- [Problem requirements]: Output exactly the lines from the first line of the records below through the line containing "msp = doc.modelspace()", both included, leaving out any pictures.

....................

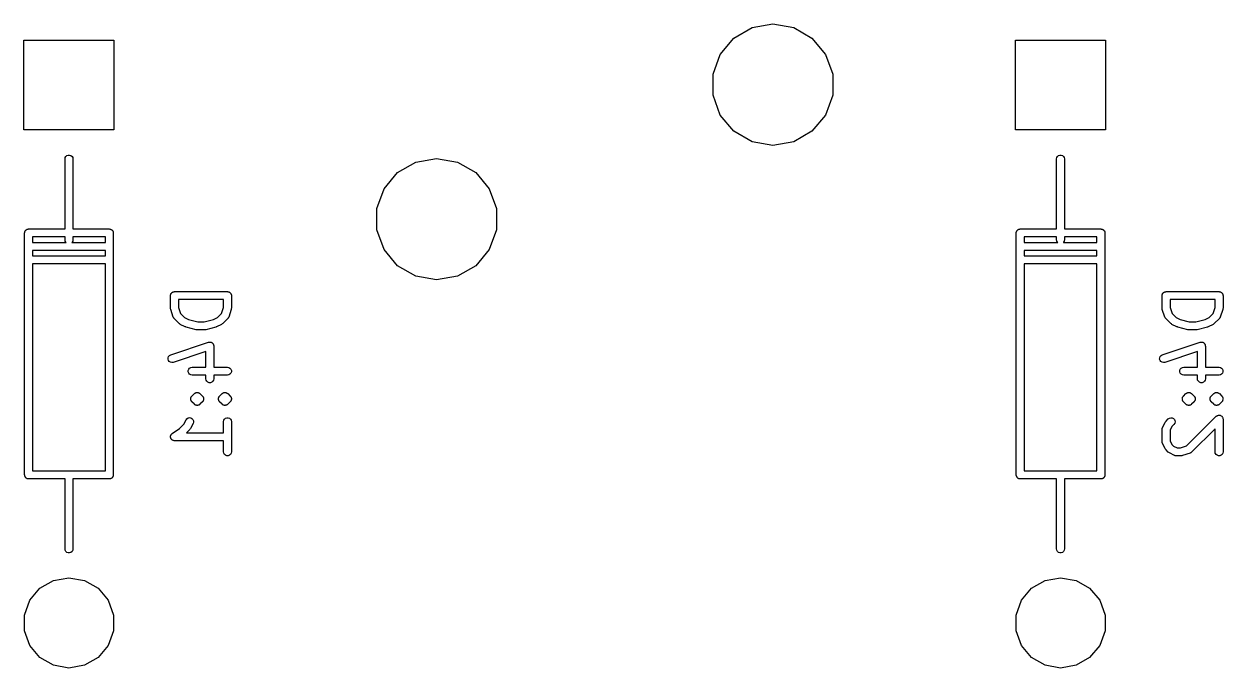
# Model space of a CAD drawing. Extents: x 17 to 274, y -105 to -6.
# Drawn here: x 48.4 to 71.04, y -27.94 to -15.77 of the extents above; entities that cross this region are included whole.
import ezdxf

# ---------------------------------------------------------------- set-up
doc = ezdxf.new("R2010")
doc.units = 0
doc.header["$MEASUREMENT"] = 0
doc.layers.add('BLACK', color=7, linetype='CONTINUOUS')

msp = doc.modelspace()

# ---------------------------------------------------------------- linework, layer by layer
at = {"layer": 'Black'}
for p, q in [((61.8025, -16.0411), (62.1476, -15.8418)), ((62.1476, -15.8418), (62.54, -15.7726)), ((62.54, -15.7726), (62.9324, -15.8418)), ((62.9324, -15.8418), (63.2775, -16.0411)), ((61.5464, -16.3463), (61.8025, -16.0411)), ((63.2775, -16.0411), (63.5336, -16.3463)), ((48.3978, -17.7752), (48.3978, -16.0759)), ((48.3978, -16.0759), (50.0971, -16.0759)), ((50.0971, -16.0759), (50.0971, -17.7752)), ((67.1228, -17.7752), (67.1228, -16.0759)), ((67.1228, -16.0759), (68.8221, -16.0759)), ((68.8221, -16.0759), (68.8221, -17.7752)), ((61.4101, -16.7208), (61.5464, -16.3463)), ((63.5336, -16.3463), (63.6699, -16.7208)), ((61.4101, -17.1192), (61.4101, -16.7208)), ((63.6699, -16.7208), (63.6699, -17.1192)), ((61.5464, -17.4937), (61.4101, -17.1192)), ((63.6699, -17.1192), (63.5336, -17.4937)), ((61.8025, -17.7989), (61.5464, -17.4937)), ((63.5336, -17.4937), (63.2775, -17.7989)), ((50.0971, -17.7752), (48.3978, -17.7752)), ((62.1476, -17.9982), (61.8025, -17.7989)), ((63.2775, -17.7989), (62.9324, -17.9982)), ((68.8221, -17.7752), (67.1228, -17.7752)), ((62.54, -18.0674), (62.1476, -17.9982)), ((62.9324, -17.9982), (62.54, -18.0674)), ((49.1725, -18.3225), (49.177, -18.2969)), ((49.1725, -19.6445), (49.1725, -18.3225)), ((49.177, -18.2969), (49.19, -18.2743)), ((49.19, -18.2743), (49.21, -18.2576)), ((49.21, -18.2576), (49.2344, -18.2487)), ((49.2344, -18.2487), (49.2605, -18.2487)), ((49.2605, -18.2487), (49.285, -18.2576)), ((49.285, -18.2576), (49.3049, -18.2743)), ((49.3049, -18.2743), (49.3179, -18.2969)), ((49.3179, -18.2969), (49.3225, -18.3225)), ((49.3225, -18.3225), (49.3225, -19.6445)), ((55.7976, -18.3818), (56.19, -18.3126)), ((56.19, -18.3126), (56.5824, -18.3818)), ((67.8975, -18.3225), (67.902, -18.2969)), ((67.8975, -19.6445), (67.8975, -18.3225)), ((67.902, -18.2969), (67.915, -18.2743)), ((67.915, -18.2743), (67.935, -18.2576)), ((67.935, -18.2576), (67.9594, -18.2487)), ((67.9594, -18.2487), (67.9855, -18.2487)), ((67.9855, -18.2487), (68.01, -18.2576)), ((68.01, -18.2576), (68.0299, -18.2743)), ((68.0299, -18.2743), (68.0429, -18.2969)), ((68.0429, -18.2969), (68.0475, -18.3225)), ((68.0475, -18.3225), (68.0475, -19.6445)), ((55.4525, -18.5811), (55.7976, -18.3818)), ((56.5824, -18.3818), (56.9275, -18.5811)), ((55.1964, -18.8863), (55.4525, -18.5811)), ((56.9275, -18.5811), (57.1836, -18.8863)), ((55.0601, -19.2608), (55.1964, -18.8863)), ((57.1836, -18.8863), (57.3199, -19.2608)), ((55.0601, -19.6592), (55.0601, -19.2608)), ((57.3199, -19.2608), (57.3199, -19.6592)), ((48.4138, -19.7003), (48.415, -19.6939)), ((48.415, -19.6939), (48.4183, -19.6882)), ((48.4183, -19.6882), (48.4205, -19.682)), ((48.4205, -19.682), (48.4247, -19.677)), ((48.4247, -19.677), (48.428, -19.6713)), ((48.428, -19.6713), (48.433, -19.6671)), ((48.433, -19.6671), (48.4373, -19.6621)), ((48.4373, -19.6621), (48.4429, -19.6588)), ((48.4429, -19.6588), (48.448, -19.6546)), ((48.448, -19.6546), (48.4541, -19.6523)), ((48.4541, -19.6523), (48.4598, -19.649)), ((48.4598, -19.649), (48.4663, -19.6479)), ((48.4663, -19.6479), (48.4724, -19.6457)), ((48.4724, -19.6457), (48.479, -19.6457)), ((48.479, -19.6457), (48.4855, -19.6445)), ((48.4855, -19.6445), (49.1725, -19.6445)), ((49.3225, -19.6445), (50.0095, -19.6445)), ((50.0095, -19.6445), (50.0159, -19.6457)), ((50.0159, -19.6457), (50.0225, -19.6457)), ((50.0225, -19.6457), (50.0287, -19.6479)), ((50.0287, -19.6479), (50.0351, -19.649)), ((50.0351, -19.649), (50.0408, -19.6523)), ((50.0408, -19.6523), (50.047, -19.6546)), ((50.047, -19.6546), (50.052, -19.6588)), ((50.052, -19.6588), (50.0577, -19.6621)), ((50.0577, -19.6621), (50.0619, -19.6671)), ((50.0619, -19.6671), (50.0669, -19.6713)), ((50.0669, -19.6713), (50.0702, -19.677)), ((50.0702, -19.677), (50.0744, -19.682)), ((50.0744, -19.682), (50.0767, -19.6882)), ((50.0767, -19.6882), (50.0799, -19.6939)), ((50.0799, -19.6939), (50.0811, -19.7003)), ((55.1964, -20.0337), (55.0601, -19.6592)), ((57.3199, -19.6592), (57.1836, -20.0337)), ((67.1388, -19.7003), (67.14, -19.6939)), ((67.14, -19.6939), (67.1433, -19.6882)), ((67.1433, -19.6882), (67.1455, -19.682)), ((67.1455, -19.682), (67.1497, -19.677)), ((67.1497, -19.677), (67.153, -19.6713)), ((67.153, -19.6713), (67.158, -19.6671)), ((67.158, -19.6671), (67.1623, -19.6621)), ((67.1623, -19.6621), (67.1679, -19.6588)), ((67.1679, -19.6588), (67.173, -19.6546)), ((67.173, -19.6546), (67.1791, -19.6523)), ((67.1791, -19.6523), (67.1848, -19.649)), ((67.1848, -19.649), (67.1913, -19.6479)), ((67.1913, -19.6479), (67.1974, -19.6457)), ((67.1974, -19.6457), (67.204, -19.6457)), ((67.204, -19.6457), (67.2105, -19.6445)), ((67.2105, -19.6445), (67.8975, -19.6445)), ((68.0475, -19.6445), (68.7345, -19.6445)), ((68.7345, -19.6445), (68.7409, -19.6457)), ((68.7409, -19.6457), (68.7475, -19.6457)), ((68.7475, -19.6457), (68.7537, -19.6479)), ((68.7537, -19.6479), (68.7601, -19.649)), ((68.7601, -19.649), (68.7658, -19.6523)), ((68.7658, -19.6523), (68.772, -19.6546)), ((68.772, -19.6546), (68.777, -19.6588)), ((68.777, -19.6588), (68.7827, -19.6621)), ((68.7827, -19.6621), (68.7869, -19.6671)), ((68.7869, -19.6671), (68.7919, -19.6713)), ((68.7919, -19.6713), (68.7952, -19.677)), ((68.7952, -19.677), (68.7994, -19.682)), ((68.7994, -19.682), (68.8017, -19.6882)), ((68.8017, -19.6882), (68.8049, -19.6939)), ((68.8049, -19.6939), (68.8061, -19.7003)), ((48.4105, -19.7195), (48.4116, -19.7131)), ((48.4105, -24.2915), (48.4105, -19.7195)), ((48.4116, -19.7065), (48.4138, -19.7003)), ((48.4116, -19.7131), (48.4116, -19.7065)), ((48.5605, -19.7945), (48.5605, -19.8985)), ((49.1725, -19.7945), (48.5605, -19.7945)), ((48.5605, -19.8985), (49.1945, -19.8985)), ((49.1725, -19.8465), (49.1725, -19.7945)), ((49.177, -19.8722), (49.1725, -19.8465)), ((49.19, -19.8947), (49.177, -19.8722)), ((49.1945, -19.8985), (49.19, -19.8947)), ((49.3049, -19.8947), (49.3004, -19.8985)), ((49.3004, -19.8985), (49.9345, -19.8985)), ((49.3179, -19.8722), (49.3049, -19.8947)), ((49.3225, -19.8465), (49.3179, -19.8722)), ((49.3225, -19.7945), (49.3225, -19.8465)), ((49.9345, -19.7945), (49.3225, -19.7945)), ((49.9345, -19.8985), (49.9345, -19.7945)), ((50.0811, -19.7003), (50.0833, -19.7065)), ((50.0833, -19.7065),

....................

- [Problem solution]:
# Model space of a CAD drawing. Extents: x 17 to 274, y -105 to -6.
# Drawn here: x 48.4 to 71.04, y -27.94 to -15.77 of the extents above; entities that cross this region are included whole.
import ezdxf

# ---------------------------------------------------------------- set-up
doc = ezdxf.new("R2010")
doc.units = 0
doc.header["$MEASUREMENT"] = 0
doc.layers.add('BLACK', color=7, linetype='CONTINUOUS')

msp = doc.modelspace()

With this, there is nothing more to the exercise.